Despite the rather gloomy picture of the policy-practice relationship painted in the foregoing studies, there is research evidence of successful efforts by teachers to reconcile traditional practices with the demands of new policy at the classroom interface. Ha’s (2004) study of university classroom pedagogies in Vietnam and a comparative
study of foreign language classroom practices in the UK and Korea (Mitchell & Lee, 2003) reveal that although there are interactional differences in the practices of these teachers, these differences are far from being unrelated to CLT. Rather, teachers’ interpretations and practices of communicative language teaching are influenced by and in turn influence other cultural factors that are important in each context.
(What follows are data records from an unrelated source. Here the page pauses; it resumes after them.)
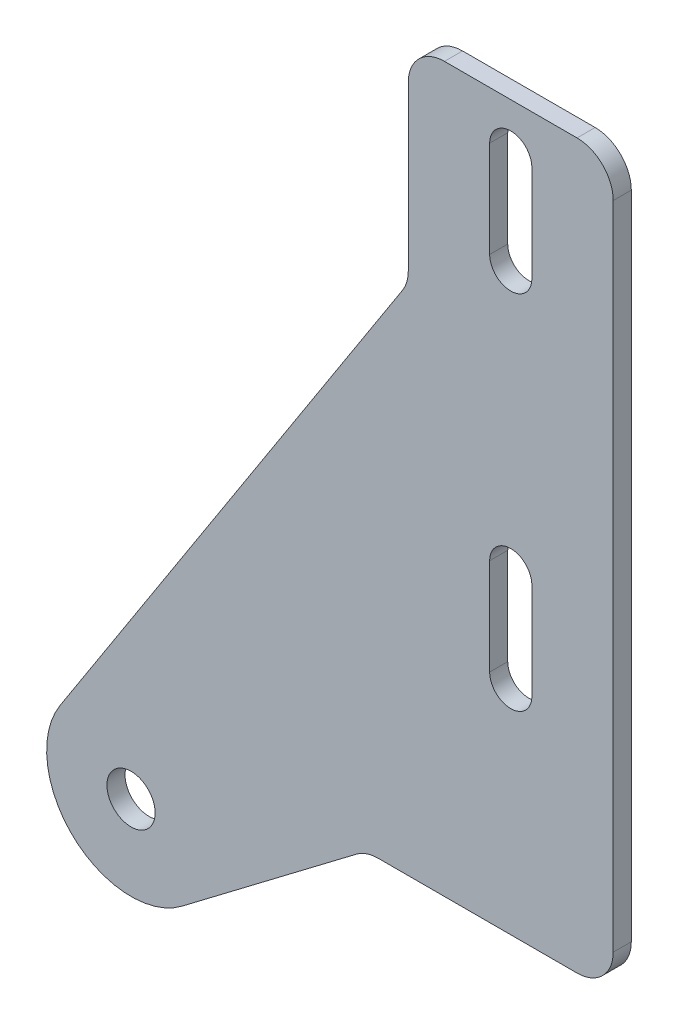
ISO-10303-21;
HEADER;
FILE_DESCRIPTION(('STEP AP214'),'2;1');
FILE_NAME('part.step','',(''),(''),'','','');
FILE_SCHEMA(('AUTOMOTIVE_DESIGN { 1 0 10303 214 1 1 1 1 }'));
ENDSEC;
DATA;
#1=APPLICATION_CONTEXT('core data for automotive mechanical design processes');
#2=APPLICATION_PROTOCOL_DEFINITION('international standard','automotive_design',2000,#1);
#3=PRODUCT_CONTEXT('',#1,'mechanical');
#4=PRODUCT('Part','Part','',(#3));
#5=PRODUCT_RELATED_PRODUCT_CATEGORY('part','',(#4));
#6=PRODUCT_DEFINITION_FORMATION('','',#4);
#7=PRODUCT_DEFINITION_CONTEXT('part definition',#1,'design');
#8=PRODUCT_DEFINITION('design','',#6,#7);
#9=PRODUCT_DEFINITION_SHAPE('','',#8);
#10=(LENGTH_UNIT() NAMED_UNIT(*) SI_UNIT(.MILLI.,.METRE.));
#11=(NAMED_UNIT(*) PLANE_ANGLE_UNIT() SI_UNIT($,.RADIAN.));
#12=(NAMED_UNIT(*) SI_UNIT($,.STERADIAN.) SOLID_ANGLE_UNIT());
#13=UNCERTAINTY_MEASURE_WITH_UNIT(LENGTH_MEASURE(1.E-05),#10,'distance_accuracy_value','');
#14=(GEOMETRIC_REPRESENTATION_CONTEXT(3) GLOBAL_UNCERTAINTY_ASSIGNED_CONTEXT((#13)) GLOBAL_UNIT_ASSIGNED_CONTEXT((#10,
#11,#12)) REPRESENTATION_CONTEXT('',''));
#15=CARTESIAN_POINT('',(0.,0.,0.));
#16=DIRECTION('',(0.,0.,1.));
#17=DIRECTION('',(1.,0.,0.));
#18=AXIS2_PLACEMENT_3D('',#15,#16,#17);
#19=CARTESIAN_POINT('',(-8.5,38.,-1.5));
#20=DIRECTION('',(-1.,0.,0.));
#21=DIRECTION('',(0.,-1.,0.));
#22=AXIS2_PLACEMENT_3D('',#19,#20,#21);
#23=PLANE('',#22);
#24=DIRECTION('',(0.,-1.,0.));
#25=VECTOR('',#24,1.);
#26=CARTESIAN_POINT('',(-8.5,38.,-1.5));
#27=LINE('',#26,#25);
#28=CARTESIAN_POINT('',(-8.5,35.,-1.5));
#29=VERTEX_POINT('',#28);
#30=CARTESIAN_POINT('',(-8.5,21.4410366100826,-1.5));
#31=VERTEX_POINT('',#30);
#32=EDGE_CURVE('E256',#29,#31,#27,.T.);
#33=ORIENTED_EDGE('',*,*,#32,.T.);
#34=DIRECTION('',(0.,0.,1.));
#35=VECTOR('',#34,1.);
#36=CARTESIAN_POINT('',(-8.5,21.4410366100826,0.));
#37=LINE('',#36,#35);
#38=CARTESIAN_POINT('',(-8.5,21.4410366100826,0.));
#39=VERTEX_POINT('',#38);
#40=EDGE_CURVE('E301',#31,#39,#37,.T.);
#41=ORIENTED_EDGE('',*,*,#40,.T.);
#42=DIRECTION('',(0.,-1.,0.));
#43=VECTOR('',#42,1.);
#44=CARTESIAN_POINT('',(-8.5,38.,0.));
#45=LINE('',#44,#43);
#46=CARTESIAN_POINT('',(-8.5,35.,0.));
#47=VERTEX_POINT('',#46);
#48=EDGE_CURVE('E249',#47,#39,#45,.T.);
#49=ORIENTED_EDGE('',*,*,#48,.F.);
#50=DIRECTION('',(0.,0.,1.));
#51=VECTOR('',#50,1.);
#52=CARTESIAN_POINT('',(-8.5,35.,-1.5));
#53=LINE('',#52,#51);
#54=EDGE_CURVE('E297',#47,#29,#53,.F.);
#55=ORIENTED_EDGE('',*,*,#54,.T.);
#56=EDGE_LOOP('',(#33,#41,#49,#55));
#57=FACE_BOUND('',#56,.T.);
#58=ADVANCED_FACE('F38',(#57),#23,.T.);
#59=CARTESIAN_POINT('',(-8.5,38.,-1.5));
#60=DIRECTION('',(0.,1.,0.));
#61=DIRECTION('',(0.,0.,1.));
#62=AXIS2_PLACEMENT_3D('',#59,#60,#61);
#63=PLANE('',#62);
#64=DIRECTION('',(-1.,0.,0.));
#65=VECTOR('',#64,1.);
#66=CARTESIAN_POINT('',(-8.5,38.,-1.5));
#67=LINE('',#66,#65);
#68=CARTESIAN_POINT('',(5.5,38.,-1.5));
#69=VERTEX_POINT('',#68);
#70=CARTESIAN_POINT('',(-5.5,38.,-1.5));
#71=VERTEX_POINT('',#70);
#72=EDGE_CURVE('E274',#69,#71,#67,.T.);
#73=ORIENTED_EDGE('',*,*,#72,.T.);
#74=DIRECTION('',(0.,0.,1.));
#75=VECTOR('',#74,1.);
#76=CARTESIAN_POINT('',(-5.5,38.,-1.5));
#77=LINE('',#76,#75);
#78=CARTESIAN_POINT('',(-5.5,38.,0.));
#79=VERTEX_POINT('',#78);
#80=EDGE_CURVE('E331',#71,#79,#77,.T.);
#81=ORIENTED_EDGE('',*,*,#80,.T.);
#82=DIRECTION('',(-1.,0.,0.));
#83=VECTOR('',#82,1.);
#84=CARTESIAN_POINT('',(-8.5,38.,0.));
#85=LINE('',#84,#83);
#86=CARTESIAN_POINT('',(5.5,38.,0.));
#87=VERTEX_POINT('',#86);
#88=EDGE_CURVE('E260',#87,#79,#85,.T.);
#89=ORIENTED_EDGE('',*,*,#88,.F.);
#90=DIRECTION('',(0.,0.,1.));
#91=VECTOR('',#90,1.);
#92=CARTESIAN_POINT('',(5.5,38.,-1.5));
#93=LINE('',#92,#91);
#94=EDGE_CURVE('E60',#87,#69,#93,.F.);
#95=ORIENTED_EDGE('',*,*,#94,.T.);
#96=EDGE_LOOP('',(#73,#81,#89,#95));
#97=FACE_BOUND('',#96,.T.);
#98=ADVANCED_FACE('F373',(#97),#63,.T.);
#99=CARTESIAN_POINT('',(8.5,38.,-1.5));
#100=DIRECTION('',(1.,0.,0.));
#101=DIRECTION('',(0.,1.,0.));
#102=AXIS2_PLACEMENT_3D('',#99,#100,#101);
#103=PLANE('',#102);
#104=DIRECTION('',(0.,1.,0.));
#105=VECTOR('',#104,1.);
#106=CARTESIAN_POINT('',(8.5,38.,0.));
#107=LINE('',#106,#105);
#108=CARTESIAN_POINT('',(8.50000000000001,-19.,0.));
#109=VERTEX_POINT('',#108);
#110=CARTESIAN_POINT('',(8.5,35.,0.));
#111=VERTEX_POINT('',#110);
#112=EDGE_CURVE('E290',#109,#111,#107,.T.);
#113=ORIENTED_EDGE('',*,*,#112,.F.);
#114=DIRECTION('',(0.,0.,1.));
#115=VECTOR('',#114,1.);
#116=CARTESIAN_POINT('',(8.50000000000001,-19.,-1.5));
#117=LINE('',#116,#115);
#118=CARTESIAN_POINT('',(8.50000000000001,-19.,-1.5));
#119=VERTEX_POINT('',#118);
#120=EDGE_CURVE('E323',#109,#119,#117,.F.);
#121=ORIENTED_EDGE('',*,*,#120,.T.);
#122=DIRECTION('',(0.,1.,0.));
#123=VECTOR('',#122,1.);
#124=CARTESIAN_POINT('',(8.5,38.,-1.5));
#125=LINE('',#124,#123);
#126=CARTESIAN_POINT('',(8.5,35.,-1.5));
#127=VERTEX_POINT('',#126);
#128=EDGE_CURVE('E271',#119,#127,#125,.T.);
#129=ORIENTED_EDGE('',*,*,#128,.T.);
#130=DIRECTION('',(0.,0.,1.));
#131=VECTOR('',#130,1.);
#132=CARTESIAN_POINT('',(8.5,35.,-1.5));
#133=LINE('',#132,#131);
#134=EDGE_CURVE('E320',#127,#111,#133,.T.);
#135=ORIENTED_EDGE('',*,*,#134,.T.);
#136=EDGE_LOOP('',(#113,#121,#129,#135));
#137=FACE_BOUND('',#136,.T.);
#138=ADVANCED_FACE('F379',(#137),#103,.T.);
#139=CARTESIAN_POINT('',(-12.,-22.,-1.5));
#140=DIRECTION('',(0.,-1.,0.));
#141=DIRECTION('',(0.,0.,-1.));
#142=AXIS2_PLACEMENT_3D('',#139,#140,#141);
#143=PLANE('',#142);
#144=DIRECTION('',(1.,0.,0.));
#145=VECTOR('',#144,1.);
#146=CARTESIAN_POINT('',(-12.,-22.,0.));
#147=LINE('',#146,#145);
#148=CARTESIAN_POINT('',(-10.9913036902104,-22.,0.));
#149=VERTEX_POINT('',#148);
#150=CARTESIAN_POINT('',(5.5,-22.,0.));
#151=VERTEX_POINT('',#150);
#152=EDGE_CURVE('E287',#149,#151,#147,.T.);
#153=ORIENTED_EDGE('',*,*,#152,.F.);
#154=DIRECTION('',(0.,0.,1.));
#155=VECTOR('',#154,1.);
#156=CARTESIAN_POINT('',(-10.9913036902104,-22.,-1.5));
#157=LINE('',#156,#155);
#158=CARTESIAN_POINT('',(-10.9913036902104,-22.,-1.5));
#159=VERTEX_POINT('',#158);
#160=EDGE_CURVE('E312',#149,#159,#157,.F.);
#161=ORIENTED_EDGE('',*,*,#160,.T.);
#162=DIRECTION('',(1.,0.,0.));
#163=VECTOR('',#162,1.);
#164=CARTESIAN_POINT('',(-12.,-22.,-1.5));
#165=LINE('',#164,#163);
#166=CARTESIAN_POINT('',(5.5,-22.,-1.5));
#167=VERTEX_POINT('',#166);
#168=EDGE_CURVE('E268',#159,#167,#165,.T.);
#169=ORIENTED_EDGE('',*,*,#168,.T.);
#170=DIRECTION('',(0.,0.,1.));
#171=VECTOR('',#170,1.);
#172=CARTESIAN_POINT('',(5.50000000000001,-22.,-1.5));
#173=LINE('',#172,#171);
#174=EDGE_CURVE('E309',#167,#151,#173,.T.);
#175=ORIENTED_EDGE('',*,*,#174,.T.);
#176=EDGE_LOOP('',(#153,#161,#169,#175));
#177=FACE_BOUND('',#176,.T.);
#178=ADVANCED_FACE('F345',(#177),#143,.T.);
#179=CARTESIAN_POINT('',(-27.270863059068,-33.5780283913623,-1.5));
#180=DIRECTION('',(0.604162420133143,-0.796861198766048,0.));
#181=DIRECTION('',(0.796861198766048,0.604162420133143,0.));
#182=AXIS2_PLACEMENT_3D('',#179,#180,#181);
#183=PLANE('',#182);
#184=DIRECTION('',(0.796861198766048,0.604162420133143,0.));
#185=VECTOR('',#184,1.);
#186=CARTESIAN_POINT('',(-27.270863059068,-33.5780283913623,-1.5));
#187=LINE('',#186,#185);
#188=CARTESIAN_POINT('',(-27.270863059068,-33.5780283913623,-1.5));
#189=VERTEX_POINT('',#188);
#190=CARTESIAN_POINT('',(-12.8037909506098,-22.6094164037019,-1.5));
#191=VERTEX_POINT('',#190);
#192=EDGE_CURVE('E265',#189,#191,#187,.T.);
#193=ORIENTED_EDGE('',*,*,#192,.T.);
#194=DIRECTION('',(0.,0.,1.));
#195=VECTOR('',#194,1.);
#196=CARTESIAN_POINT('',(-12.8037909506098,-22.6094164037019,0.));
#197=LINE('',#196,#195);
#198=CARTESIAN_POINT('',(-12.8037909506098,-22.6094164037019,0.));
#199=VERTEX_POINT('',#198);
#200=EDGE_CURVE('E306',#191,#199,#197,.T.);
#201=ORIENTED_EDGE('',*,*,#200,.T.);
#202=DIRECTION('',(0.796861198766048,0.604162420133143,0.));
#203=VECTOR('',#202,1.);
#204=CARTESIAN_POINT('',(-27.270863059068,-33.5780283913623,0.));
#205=LINE('',#204,#203);
#206=CARTESIAN_POINT('',(-27.270863059068,-33.5780283913623,0.));
#207=VERTEX_POINT('',#206);
#208=EDGE_CURVE('E284',#207,#199,#205,.T.);
#209=ORIENTED_EDGE('',*,*,#208,.F.);
#210=DIRECTION('',(0.,0.,1.));
#211=VECTOR('',#210,1.);
#212=CARTESIAN_POINT('',(-27.270863059068,-33.5780283913623,-1.5));
#213=LINE('',#212,#211);
#214=EDGE_CURVE('E295',#189,#207,#213,.T.);
#215=ORIENTED_EDGE('',*,*,#214,.F.);
#216=EDGE_LOOP('',(#193,#201,#209,#215));
#217=FACE_BOUND('',#216,.T.);
#218=ADVANCED_FACE('F354',(#217),#183,.T.);
#219=CARTESIAN_POINT('',(-31.5,-28.,-1.5));
#220=DIRECTION('',(0.,0.,1.));
#221=DIRECTION('',(1.,0.,0.));
#222=AXIS2_PLACEMENT_3D('',#219,#220,#221);
#223=CYLINDRICAL_SURFACE('',#222,7.);
#224=CARTESIAN_POINT('',(-31.5,-28.,0.));
#225=DIRECTION('',(0.,0.,1.));
#226=DIRECTION('',(1.,0.,0.));
#227=AXIS2_PLACEMENT_3D('',#224,#225,#226);
#228=CIRCLE('',#227,7.);
#229=CARTESIAN_POINT('',(-37.3818868455753,-24.204817904784,0.));
#230=VERTEX_POINT('',#229);
#231=EDGE_CURVE('E281',#230,#207,#228,.T.);
#232=ORIENTED_EDGE('',*,*,#231,.F.);
#233=DIRECTION('',(0.,0.,1.));
#234=VECTOR('',#233,1.);
#235=CARTESIAN_POINT('',(-37.3818868455753,-24.204817904784,-1.5));
#236=LINE('',#235,#234);
#237=CARTESIAN_POINT('',(-37.3818868455753,-24.204817904784,-1.5));
#238=VERTEX_POINT('',#237);
#239=EDGE_CURVE('E276',#238,#230,#236,.T.);
#240=ORIENTED_EDGE('',*,*,#239,.F.);
#241=CARTESIAN_POINT('',(-31.5,-28.,-1.5));
#242=DIRECTION('',(0.,0.,1.));
#243=DIRECTION('',(1.,0.,0.));
#244=AXIS2_PLACEMENT_3D('',#241,#242,#243);
#245=CIRCLE('',#244,7.);
#246=EDGE_CURVE('E262',#238,#189,#245,.T.);
#247=ORIENTED_EDGE('',*,*,#246,.T.);
#248=ORIENTED_EDGE('',*,*,#214,.T.);
#249=EDGE_LOOP('',(#232,#240,#247,#248));
#250=FACE_BOUND('',#249,.T.);
#251=ADVANCED_FACE('F357',(#250),#223,.T.);
#252=CARTESIAN_POINT('',(-37.3818868455753,-24.204817904784,-1.5));
#253=DIRECTION('',(-0.840269549367899,0.542168870745148,0.));
#254=DIRECTION('',(-0.542168870745148,-0.840269549367899,0.));
#255=AXIS2_PLACEMENT_3D('',#252,#253,#254);
#256=PLANE('',#255);
#257=DIRECTION('',(-0.542168870745148,-0.840269549367899,0.));
#258=VECTOR('',#257,1.);
#259=CARTESIAN_POINT('',(-37.3818868455753,-24.204817904784,0.));
#260=LINE('',#259,#258);
#261=CARTESIAN_POINT('',(-8.97919135189629,19.8145299978472,0.));
#262=VERTEX_POINT('',#261);
#263=EDGE_CURVE('E279',#262,#230,#260,.T.);
#264=ORIENTED_EDGE('',*,*,#263,.F.);
#265=DIRECTION('',(0.,0.,1.));
#266=VECTOR('',#265,1.);
#267=CARTESIAN_POINT('',(-8.9791913518963,19.8145299978472,-1.5));
#268=LINE('',#267,#266);
#269=CARTESIAN_POINT('',(-8.97919135189629,19.8145299978472,-1.5));
#270=VERTEX_POINT('',#269);
#271=EDGE_CURVE('E304',#262,#270,#268,.F.);
#272=ORIENTED_EDGE('',*,*,#271,.T.);
#273=DIRECTION('',(-0.542168870745148,-0.840269549367899,0.));
#274=VECTOR('',#273,1.);
#275=CARTESIAN_POINT('',(-37.3818868455753,-24.204817904784,-1.5));
#276=LINE('',#275,#274);
#277=EDGE_CURVE('E259',#270,#238,#276,.T.);
#278=ORIENTED_EDGE('',*,*,#277,.T.);
#279=ORIENTED_EDGE('',*,*,#239,.T.);
#280=EDGE_LOOP('',(#264,#272,#278,#279));
#281=FACE_BOUND('',#280,.T.);
#282=ADVANCED_FACE('F399',(#281),#256,.T.);
#283=CARTESIAN_POINT('',(-31.5,-28.,-1.5));
#284=DIRECTION('',(0.,0.,1.));
#285=DIRECTION('',(1.,0.,0.));
#286=AXIS2_PLACEMENT_3D('',#283,#284,#285);
#287=PLANE('',#286);
#288=CARTESIAN_POINT('',(-31.5,-28.,-1.5));
#289=DIRECTION('',(0.,0.,1.));
#290=DIRECTION('',(1.,0.,0.));
#291=AXIS2_PLACEMENT_3D('',#288,#289,#290);
#292=CIRCLE('',#291,2.00000000000001);
#293=CARTESIAN_POINT('',(-29.5,-28.,-1.5));
#294=VERTEX_POINT('',#293);
#295=EDGE_CURVE('E214',#294,#294,#292,.T.);
#296=ORIENTED_EDGE('',*,*,#295,.T.);
#297=EDGE_LOOP('',(#296));
#298=FACE_BOUND('',#297,.T.);
#299=DIRECTION('',(0.,1.,0.));
#300=VECTOR('',#299,1.);
#301=CARTESIAN_POINT('',(1.74999999999999,34.,-1.5));
#302=LINE('',#301,#300);
#303=CARTESIAN_POINT('',(1.74999999999999,26.,-1.5));
#304=VERTEX_POINT('',#303);
#305=CARTESIAN_POINT('',(1.74999999999999,34.,-1.5));
#306=VERTEX_POINT('',#305);
#307=EDGE_CURVE('E188',#304,#306,#302,.T.);
#308=ORIENTED_EDGE('',*,*,#307,.T.);
#309=CARTESIAN_POINT('',(0.,34.,-1.5));
#310=DIRECTION('',(0.,0.,1.));
#311=DIRECTION('',(1.,0.,0.));
#312=AXIS2_PLACEMENT_3D('',#309,#310,#311);
#313=CIRCLE('',#312,1.75);
#314=CARTESIAN_POINT('',(-1.75,34.,-1.5));
#315=VERTEX_POINT('',#314);
#316=EDGE_CURVE('E180',#306,#315,#313,.T.);
#317=ORIENTED_EDGE('',*,*,#316,.T.);
#318=DIRECTION('',(0.,-1.,0.));
#319=VECTOR('',#318,1.);
#320=CARTESIAN_POINT('',(-1.75,34.,-1.5));
#321=LINE('',#320,#319);
#322=CARTESIAN_POINT('',(-1.75,26.,-1.5));
#323=VERTEX_POINT('',#322);
#324=EDGE_CURVE('E192',#315,#323,#321,.T.);
#325=ORIENTED_EDGE('',*,*,#324,.T.);
#326=CARTESIAN_POINT('',(0.,26.,-1.5));
#327=DIRECTION('',(0.,0.,1.));
#328=DIRECTION('',(1.,0.,0.));
#329=AXIS2_PLACEMENT_3D('',#326,#327,#328);
#330=CIRCLE('',#329,1.75);
#331=EDGE_CURVE('E196',#323,#304,#330,.T.);
#332=ORIENTED_EDGE('',*,*,#331,.T.);
#333=EDGE_LOOP('',(#308,#317,#325,#332));
#334=FACE_BOUND('',#333,.T.);
#335=DIRECTION('',(0.,1.,0.));
#336=VECTOR('',#335,1.);
#337=CARTESIAN_POINT('',(1.75,4.,-1.5));
#338=LINE('',#337,#336);
#339=CARTESIAN_POINT('',(1.75,-4.,-1.5));
#340=VERTEX_POINT('',#339);
#341=CARTESIAN_POINT('',(1.75,4.,-1.5));
#342=VERTEX_POINT('',#341);
#343=EDGE_CURVE('E234',#340,#342,#338,.T.);
#344=ORIENTED_EDGE('',*,*,#343,.T.);
#345=CARTESIAN_POINT('',(0.,4.,-1.5));
#346=DIRECTION('',(0.,0.,1.));
#347=DIRECTION('',(1.,0.,0.));
#348=AXIS2_PLACEMENT_3D('',#345,#346,#347);
#349=CIRCLE('',#348,1.75);
#350=CARTESIAN_POINT('',(-1.75,4.,-1.5));
#351=VERTEX_POINT('',#350);
#352=EDGE_CURVE('E224',#342,#351,#349,.T.);
#353=ORIENTED_EDGE('',*,*,#352,.T.);
#354=DIRECTION('',(0.,-1.,0.));
#355=VECTOR('',#354,1.);
#356=CARTESIAN_POINT('',(-1.75,4.,-1.5));
#357=LINE('',#356,#355);
#358=CARTESIAN_POINT('',(-1.75,-4.,-1.5));
#359=VERTEX_POINT('',#358);
#360=EDGE_CURVE('E227',#351,#359,#357,.T.);
#361=ORIENTED_EDGE('',*,*,#360,.T.);
#362=CARTESIAN_POINT('',(0.,-4.,-1.5));
#363=DIRECTION('',(0.,0.,1.));
#364=DIRECTION('',(1.,0.,0.));
#365=AXIS2_PLACEMENT_3D('',#362,#363,#364);
#366=CIRCLE('',#365,1.75);
#367=EDGE_CURVE('E231',#359,#340,#366,.T.);
#368=ORIENTED_EDGE('',*,*,#367,.T.);
#369=EDGE_LOOP('',(#344,#353,#361,#368));
#370=FACE_BOUND('',#369,.T.);
#371=ORIENTED_EDGE('',*,*,#128,.F.);
#372=CARTESIAN_POINT('',(5.50000000000001,-19.,-1.5));
#373=DIRECTION('',(0.,0.,1.));
#374=DIRECTION('',(1.,0.,0.));
#375=AXIS2_PLACEMENT_3D('',#372,#373,#374);
#376=CIRCLE('',#375,3.);
#377=EDGE_CURVE('E328',#119,#167,#376,.F.);
#378=ORIENTED_EDGE('',*,*,#377,.T.);
#379=ORIENTED_EDGE('',*,*,#168,.F.);
#380=CARTESIAN_POINT('',(-10.9913036902104,-25.,-1.5));
#381=DIRECTION('',(0.,0.,1.));
#382=DIRECTION('',(1.,0.,0.));
#383=AXIS2_PLACEMENT_3D('',#380,#381,#382);
#384=CIRCLE('',#383,3.);
#385=EDGE_CURVE('E11',#159,#191,#384,.T.);
#386=ORIENTED_EDGE('',*,*,#385,.T.);
#387=ORIENTED_EDGE('',*,*,#192,.F.);
#388=ORIENTED_EDGE('',*,*,#246,.F.);
#389=ORIENTED_EDGE('',*,*,#277,.F.);
#390=CARTESIAN_POINT('',(-11.5,21.4410366100826,-1.5));
#391=DIRECTION('',(0.,0.,1.));
#392=DIRECTION('',(1.,0.,0.));
#393=AXIS2_PLACEMENT_3D('',#390,#391,#392);
#394=CIRCLE('',#393,3.);
#395=EDGE_CURVE('E336',#270,#31,#394,.T.);
#396=ORIENTED_EDGE('',*,*,#395,.T.);
#397=ORIENTED_EDGE('',*,*,#32,.F.);
#398=CARTESIAN_POINT('',(-5.5,35.,-1.5));
#399=DIRECTION('',(0.,0.,1.));
#400=DIRECTION('',(1.,0.,0.));
#401=AXIS2_PLACEMENT_3D('',#398,#399,#400);
#402=CIRCLE('',#401,3.);
#403=EDGE_CURVE('E53',#29,#71,#402,.F.);
#404=ORIENTED_EDGE('',*,*,#403,.T.);
#405=ORIENTED_EDGE('',*,*,#72,.F.);
#406=CARTESIAN_POINT('',(5.5,35.,-1.5));
#407=DIRECTION('',(0.,0.,1.));
#408=DIRECTION('',(1.,0.,0.));
#409=AXIS2_PLACEMENT_3D('',#406,#407,#408);
#410=CIRCLE('',#409,3.);
#411=EDGE_CURVE('E325',#69,#127,#410,.F.);
#412=ORIENTED_EDGE('',*,*,#411,.T.);
#413=EDGE_LOOP('',(#371,#378,#379,#386,#387,#388,#389,#396,#397,#404,#405,#412));
#414=FACE_BOUND('',#413,.T.);
#415=ADVANCED_FACE('F198',(#298,#334,#370,#414),#287,.F.);
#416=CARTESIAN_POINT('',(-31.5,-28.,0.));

The Vietnamese and Korean teachers in the two studies above are clearly seen as negotiating between the demands of CLT and cultural demands that inform traditional practices. Xinmin & Adamson (2003) recount the mediating and transformation processes of a grassroots teacher (Mr Yang) in the face of new curriculum demands for holistic language development (Wang 1999) through CLT and TBLT in China. Despite not jettisoning his deep rooted beliefs in a predominantly weak form of CLT against TBLT or other strong versions of CLT, Mr Yang
…judiciously selects aspects of the innovative methodology that he feels comfortable with, and that he believes will enhance student learning. He does this by examining his practices and by turning to enterprising [younger] colleagues for support and ideas. At the same time, he tailors his pedagogical innovations to match the constraints of time and the exigencies of the examination system (p. 334)
While the major thrust of the study is to challenge the portrayal, in the literature, of English language teachers in China as mere transmitters of grammatical knowledge bound by textbooks (Maley, 1990; Zhang, 2001) it raises the important issue of how policy implementation can be largely facilitated from a bottom-up perspective, but also through making concessions by taking on board, rather than completely ignoring or rejecting existing practices, as has been the case in many contexts.